[Task requirements]: Where the records below reach the line containing "#63=CARTESIAN_POINT('',(8.99999999999985,-44.9999999999998,6.));", start transcribing, and end with the line containing "#91=CARTESIAN_POINT('',(-8.99999999999984,45.0000000000002,6.));", exactly and with nothing else added.

[Exercise material]:
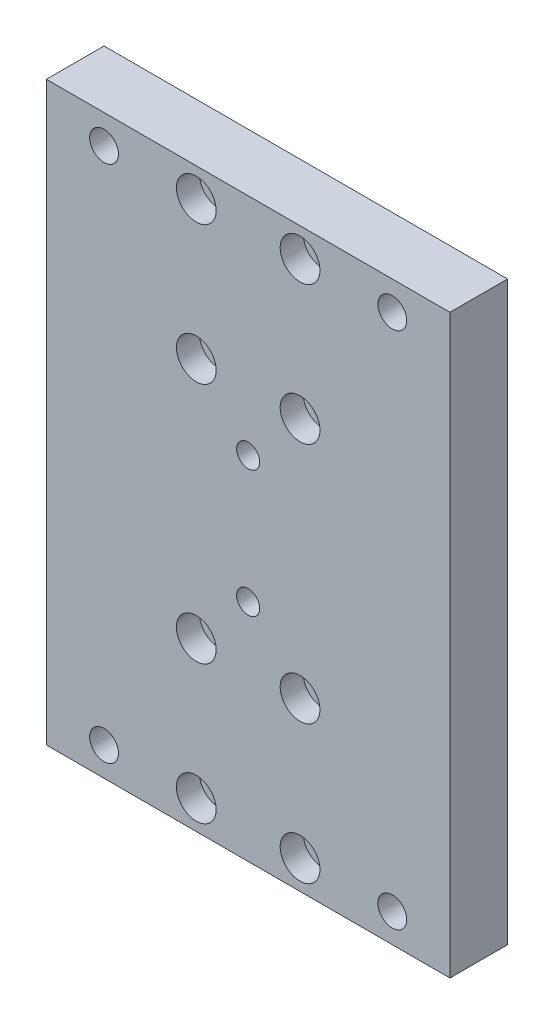
ISO-10303-21;
HEADER;
FILE_DESCRIPTION(('STEP AP214'),'2;1');
FILE_NAME('part.step','',(''),(''),'','','');
FILE_SCHEMA(('AUTOMOTIVE_DESIGN { 1 0 10303 214 1 1 1 1 }'));
ENDSEC;
DATA;
#1=APPLICATION_CONTEXT('core data for automotive mechanical design processes');
#2=APPLICATION_PROTOCOL_DEFINITION('international standard','automotive_design',2000,#1);
#3=PRODUCT_CONTEXT('',#1,'mechanical');
#4=PRODUCT('Part','Part','',(#3));
#5=PRODUCT_RELATED_PRODUCT_CATEGORY('part','',(#4));
#6=PRODUCT_DEFINITION_FORMATION('','',#4);
#7=PRODUCT_DEFINITION_CONTEXT('part definition',#1,'design');
#8=PRODUCT_DEFINITION('design','',#6,#7);
#9=PRODUCT_DEFINITION_SHAPE('','',#8);
#10=(LENGTH_UNIT() NAMED_UNIT(*) SI_UNIT(.MILLI.,.METRE.));
#11=(NAMED_UNIT(*) PLANE_ANGLE_UNIT() SI_UNIT($,.RADIAN.));
#12=(NAMED_UNIT(*) SI_UNIT($,.STERADIAN.) SOLID_ANGLE_UNIT());
#13=UNCERTAINTY_MEASURE_WITH_UNIT(LENGTH_MEASURE(1.E-05),#10,'distance_accuracy_value','');
#14=(GEOMETRIC_REPRESENTATION_CONTEXT(3) GLOBAL_UNCERTAINTY_ASSIGNED_CONTEXT((#13)) GLOBAL_UNIT_ASSIGNED_CONTEXT((#10,
#11,#12)) REPRESENTATION_CONTEXT('',''));
#15=CARTESIAN_POINT('',(0.,0.,0.));
#16=DIRECTION('',(0.,0.,1.));
#17=DIRECTION('',(1.,0.,0.));
#18=AXIS2_PLACEMENT_3D('',#15,#16,#17);
#19=CARTESIAN_POINT('',(-9.00000000000006,-20.9999999999998,10.));
#20=DIRECTION('',(0.,0.,-1.));
#21=DIRECTION('',(-1.,0.,0.));
#22=AXIS2_PLACEMENT_3D('',#19,#20,#21);
#23=CYLINDRICAL_SURFACE('',#22,1.5);
#24=CARTESIAN_POINT('',(-9.00000000000006,-20.9999999999998,0.));
#25=DIRECTION('',(0.,0.,-1.));
#26=DIRECTION('',(-1.,0.,0.));
#27=AXIS2_PLACEMENT_3D('',#24,#25,#26);
#28=CIRCLE('',#27,1.5);
#29=CARTESIAN_POINT('',(-10.5000000000001,-20.9999999999998,0.));
#30=VERTEX_POINT('',#29);
#31=EDGE_CURVE('E145',#30,#30,#28,.T.);
#32=ORIENTED_EDGE('',*,*,#31,.T.);
#33=EDGE_LOOP('',(#32));
#34=FACE_BOUND('',#33,.T.);
#35=CARTESIAN_POINT('',(-9.00000000000006,-20.9999999999998,6.));
#36=DIRECTION('',(0.,0.,1.));
#37=DIRECTION('',(1.,0.,0.));
#38=AXIS2_PLACEMENT_3D('',#35,#36,#37);
#39=CIRCLE('',#38,1.5);
#40=CARTESIAN_POINT('',(-7.50000000000006,-20.9999999999998,6.));
#41=VERTEX_POINT('',#40);
#42=EDGE_CURVE('E131',#41,#41,#39,.F.);
#43=ORIENTED_EDGE('',*,*,#42,.F.);
#44=EDGE_LOOP('',(#43));
#45=FACE_BOUND('',#44,.T.);
#46=ADVANCED_FACE('F37',(#34,#45),#23,.F.);
#47=CARTESIAN_POINT('',(8.99999999999985,-44.9999999999998,10.));
#48=DIRECTION('',(0.,0.,-1.));
#49=DIRECTION('',(-1.,0.,0.));
#50=AXIS2_PLACEMENT_3D('',#47,#48,#49);
#51=CYLINDRICAL_SURFACE('',#50,1.5);
#52=CARTESIAN_POINT('',(8.99999999999985,-44.9999999999998,0.));
#53=DIRECTION('',(0.,0.,-1.));
#54=DIRECTION('',(-1.,0.,0.));
#55=AXIS2_PLACEMENT_3D('',#52,#53,#54);
#56=CIRCLE('',#55,1.5);
#57=CARTESIAN_POINT('',(7.49999999999985,-44.9999999999998,0.));
#58=VERTEX_POINT('',#57);
#59=EDGE_CURVE('E140',#58,#58,#56,.T.);
#60=ORIENTED_EDGE('',*,*,#59,.T.);
#61=EDGE_LOOP('',(#60));
#62=FACE_BOUND('',#61,.T.);
#63=CARTESIAN_POINT('',(8.99999999999985,-44.9999999999998,6.));
#64=DIRECTION('',(0.,0.,1.));
#65=DIRECTION('',(1.,0.,0.));
#66=AXIS2_PLACEMENT_3D('',#63,#64,#65);
#67=CIRCLE('',#66,1.5);
#68=CARTESIAN_POINT('',(10.4999999999998,-44.9999999999998,6.));
#69=VERTEX_POINT('',#68);
#70=EDGE_CURVE('E129',#69,#69,#67,.F.);
#71=ORIENTED_EDGE('',*,*,#70,.F.);
#72=EDGE_LOOP('',(#71));
#73=FACE_BOUND('',#72,.T.);
#74=ADVANCED_FACE('F213',(#62,#73),#51,.F.);
#75=CARTESIAN_POINT('',(-8.99999999999984,45.0000000000002,10.));
#76=DIRECTION('',(0.,0.,-1.));
#77=DIRECTION('',(-1.,0.,0.));
#78=AXIS2_PLACEMENT_3D('',#75,#76,#77);
#79=CYLINDRICAL_SURFACE('',#78,1.5);
#80=CARTESIAN_POINT('',(-8.99999999999984,45.0000000000002,0.));
#81=DIRECTION('',(0.,0.,-1.));
#82=DIRECTION('',(-1.,0.,0.));
#83=AXIS2_PLACEMENT_3D('',#80,#81,#82);
#84=CIRCLE('',#83,1.5);
#85=CARTESIAN_POINT('',(-10.4999999999998,45.0000000000002,0.));
#86=VERTEX_POINT('',#85);
#87=EDGE_CURVE('E160',#86,#86,#84,.T.);
#88=ORIENTED_EDGE('',*,*,#87,.T.);
#89=EDGE_LOOP('',(#88));
#90=FACE_BOUND('',#89,.T.);
#91=CARTESIAN_POINT('',(-8.99999999999984,45.0000000000002,6.));
#92=DIRECTION('',(0.,0.,1.));
#93=DIRECTION('',(1.,0.,0.));
#94=AXIS2_PLACEMENT_3D('',#91,#92,#93);
#95=CIRCLE('',#94,1.5);
#96=CARTESIAN_POINT('',(-7.49999999999983,45.0000000000002,6.));
#97=VERTEX_POINT('',#96);
#98=EDGE_CURVE('E123',#97,#97,#95,.F.);
#99=ORIENTED_EDGE('',*,*,#98,.F.);
#100=EDGE_LOOP('',(#99));
#101=FACE_BOUND('',#100,.T.);
#102=ADVANCED_FACE('F220',(#90,#101),#79,.F.);
#103=CARTESIAN_POINT('',(9.00000000000008,21.0000000000002,10.));
#104=DIRECTION('',(0.,0.,-1.));
#105=DIRECTION('',(-1.,0.,0.));
#106=AXIS2_PLACEMENT_3D('',#103,#104,#105);
#107=CYLINDRICAL_SURFACE('',#106,1.5);
#108=CARTESIAN_POINT('',(9.00000000000008,21.0000000000002,0.));
#109=DIRECTION('',(0.,0.,-1.));
#110=DIRECTION('',(-1.,0.,0.));
#111=AXIS2_PLACEMENT_3D('',#108,#109,#110);
#112=CIRCLE('',#111,1.5);
#113=CARTESIAN_POINT('',(7.50000000000007,21.0000000000002,0.));
#114=VERTEX_POINT('',#113);
#115=EDGE_CURVE('E157',#114,#114,#112,.T.);
#116=ORIENTED_EDGE('',*,*,#115,.T.);
#117=EDGE_LOOP('',(#116));
#118=FACE_BOUND('',#117,.T.);
#119=CARTESIAN_POINT('',(9.00000000000008,21.0000000000002,6.));
#120=DIRECTION('',(0.,0.,1.));
#121=DIRECTION('',(1.,0.,0.));
#122=AXIS2_PLACEMENT_3D('',#119,#120,#121);
#123=CIRCLE('',#122,1.5);
#124=CARTESIAN_POINT('',(10.5000000000001,21.0000000000002,6.));
#125=VERTEX_POINT('',#124);
#126=EDGE_CURVE('E120',#125,#125,#123,.F.);
#127=ORIENTED_EDGE('',*,*,#126,.F.);
#128=EDGE_LOOP('',(#127));
#129=FACE_BOUND('',#128,.T.);
#130=ADVANCED_FACE('F239',(#118,#129),#107,.F.);
#131=CARTESIAN_POINT('',(-35.,-50.,10.));
#132=DIRECTION('',(1.,0.,0.));
#133=DIRECTION('',(0.,0.,-1.));
#134=AXIS2_PLACEMENT_3D('',#131,#132,#133);
#135=PLANE('',#134);
#136=DIRECTION('',(0.,-1.,0.));
#137=VECTOR('',#136,1.);
#138=CARTESIAN_POINT('',(-35.,-50.,0.));
#139=LINE('',#138,#137);
#140=CARTESIAN_POINT('',(-35.,50.,0.));
#141=VERTEX_POINT('',#140);
#142=CARTESIAN_POINT('',(-35.,-50.,0.));
#143=VERTEX_POINT('',#142);
#144=EDGE_CURVE('E104',#141,#143,#139,.T.);
#145=ORIENTED_EDGE('',*,*,#144,.T.);
#146=DIRECTION('',(0.,0.,-1.));
#147=VECTOR('',#146,1.);
#148=CARTESIAN_POINT('',(-35.,-50.,10.));
#149=LINE('',#148,#147);
#150=CARTESIAN_POINT('',(-35.,-50.,10.));
#151=VERTEX_POINT('',#150);
#152=EDGE_CURVE('E11',#151,#143,#149,.T.);
#153=ORIENTED_EDGE('',*,*,#152,.F.);
#154=DIRECTION('',(0.,-1.,0.));
#155=VECTOR('',#154,1.);
#156=CARTESIAN_POINT('',(-35.,-50.,10.));
#157=LINE('',#156,#155);
#158=CARTESIAN_POINT('',(-35.,50.,10.));
#159=VERTEX_POINT('',#158);
#160=EDGE_CURVE('E91',#159,#151,#157,.T.);
#161=ORIENTED_EDGE('',*,*,#160,.F.);
#162=DIRECTION('',(0.,0.,-1.));
#163=VECTOR('',#162,1.);
#164=CARTESIAN_POINT('',(-35.,50.,10.));
#165=LINE('',#164,#163);
#166=EDGE_CURVE('E100',#159,#141,#165,.T.);
#167=ORIENTED_EDGE('',*,*,#166,.T.);
#168=EDGE_LOOP('',(#145,#153,#161,#167));
#169=FACE_BOUND('',#168,.T.);
#170=ADVANCED_FACE('F39',(#169),#135,.F.);
#171=CARTESIAN_POINT('',(35.,-50.,10.));
#172=DIRECTION('',(0.,1.,0.));
#173=DIRECTION('',(-1.,0.,0.));
#174=AXIS2_PLACEMENT_3D('',#171,#172,#173);
#175=PLANE('',#174);
#176=DIRECTION('',(1.,0.,0.));
#177=VECTOR('',#176,1.);
#178=CARTESIAN_POINT('',(35.,-50.,0.));
#179=LINE('',#178,#177);
#180=CARTESIAN_POINT('',(35.,-50.,0.));
#181=VERTEX_POINT('',#180);
#182=EDGE_CURVE('E95',#143,#181,#179,.T.);
#183=ORIENTED_EDGE('',*,*,#182,.T.);
#184=DIRECTION('',(0.,0.,-1.));
#185=VECTOR('',#184,1.);
#186=CARTESIAN_POINT('',(35.,-50.,10.));
#187=LINE('',#186,#185);
#188=CARTESIAN_POINT('',(35.,-50.,10.));
#189=VERTEX_POINT('',#188);
#190=EDGE_CURVE('E47',#189,#181,#187,.T.);
#191=ORIENTED_EDGE('',*,*,#190,.F.);
#192=DIRECTION('',(1.,0.,0.));
#193=VECTOR('',#192,1.);
#194=CARTESIAN_POINT('',(35.,-50.,10.));
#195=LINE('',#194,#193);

[Solution to this problem]:
#63=CARTESIAN_POINT('',(8.99999999999985,-44.9999999999998,6.));
#64=DIRECTION('',(0.,0.,1.));
#65=DIRECTION('',(1.,0.,0.));
#66=AXIS2_PLACEMENT_3D('',#63,#64,#65);
#67=CIRCLE('',#66,1.5);
#68=CARTESIAN_POINT('',(10.4999999999998,-44.9999999999998,6.));
#69=VERTEX_POINT('',#68);
#70=EDGE_CURVE('E129',#69,#69,#67,.F.);
#71=ORIENTED_EDGE('',*,*,#70,.F.);
#72=EDGE_LOOP('',(#71));
#73=FACE_BOUND('',#72,.T.);
#74=ADVANCED_FACE('F213',(#62,#73),#51,.F.);
#75=CARTESIAN_POINT('',(-8.99999999999984,45.0000000000002,10.));
#76=DIRECTION('',(0.,0.,-1.));
#77=DIRECTION('',(-1.,0.,0.));
#78=AXIS2_PLACEMENT_3D('',#75,#76,#77);
#79=CYLINDRICAL_SURFACE('',#78,1.5);
#80=CARTESIAN_POINT('',(-8.99999999999984,45.0000000000002,0.));
#81=DIRECTION('',(0.,0.,-1.));
#82=DIRECTION('',(-1.,0.,0.));
#83=AXIS2_PLACEMENT_3D('',#80,#81,#82);
#84=CIRCLE('',#83,1.5);
#85=CARTESIAN_POINT('',(-10.4999999999998,45.0000000000002,0.));
#86=VERTEX_POINT('',#85);
#87=EDGE_CURVE('E160',#86,#86,#84,.T.);
#88=ORIENTED_EDGE('',*,*,#87,.T.);
#89=EDGE_LOOP('',(#88));
#90=FACE_BOUND('',#89,.T.);
#91=CARTESIAN_POINT('',(-8.99999999999984,45.0000000000002,6.));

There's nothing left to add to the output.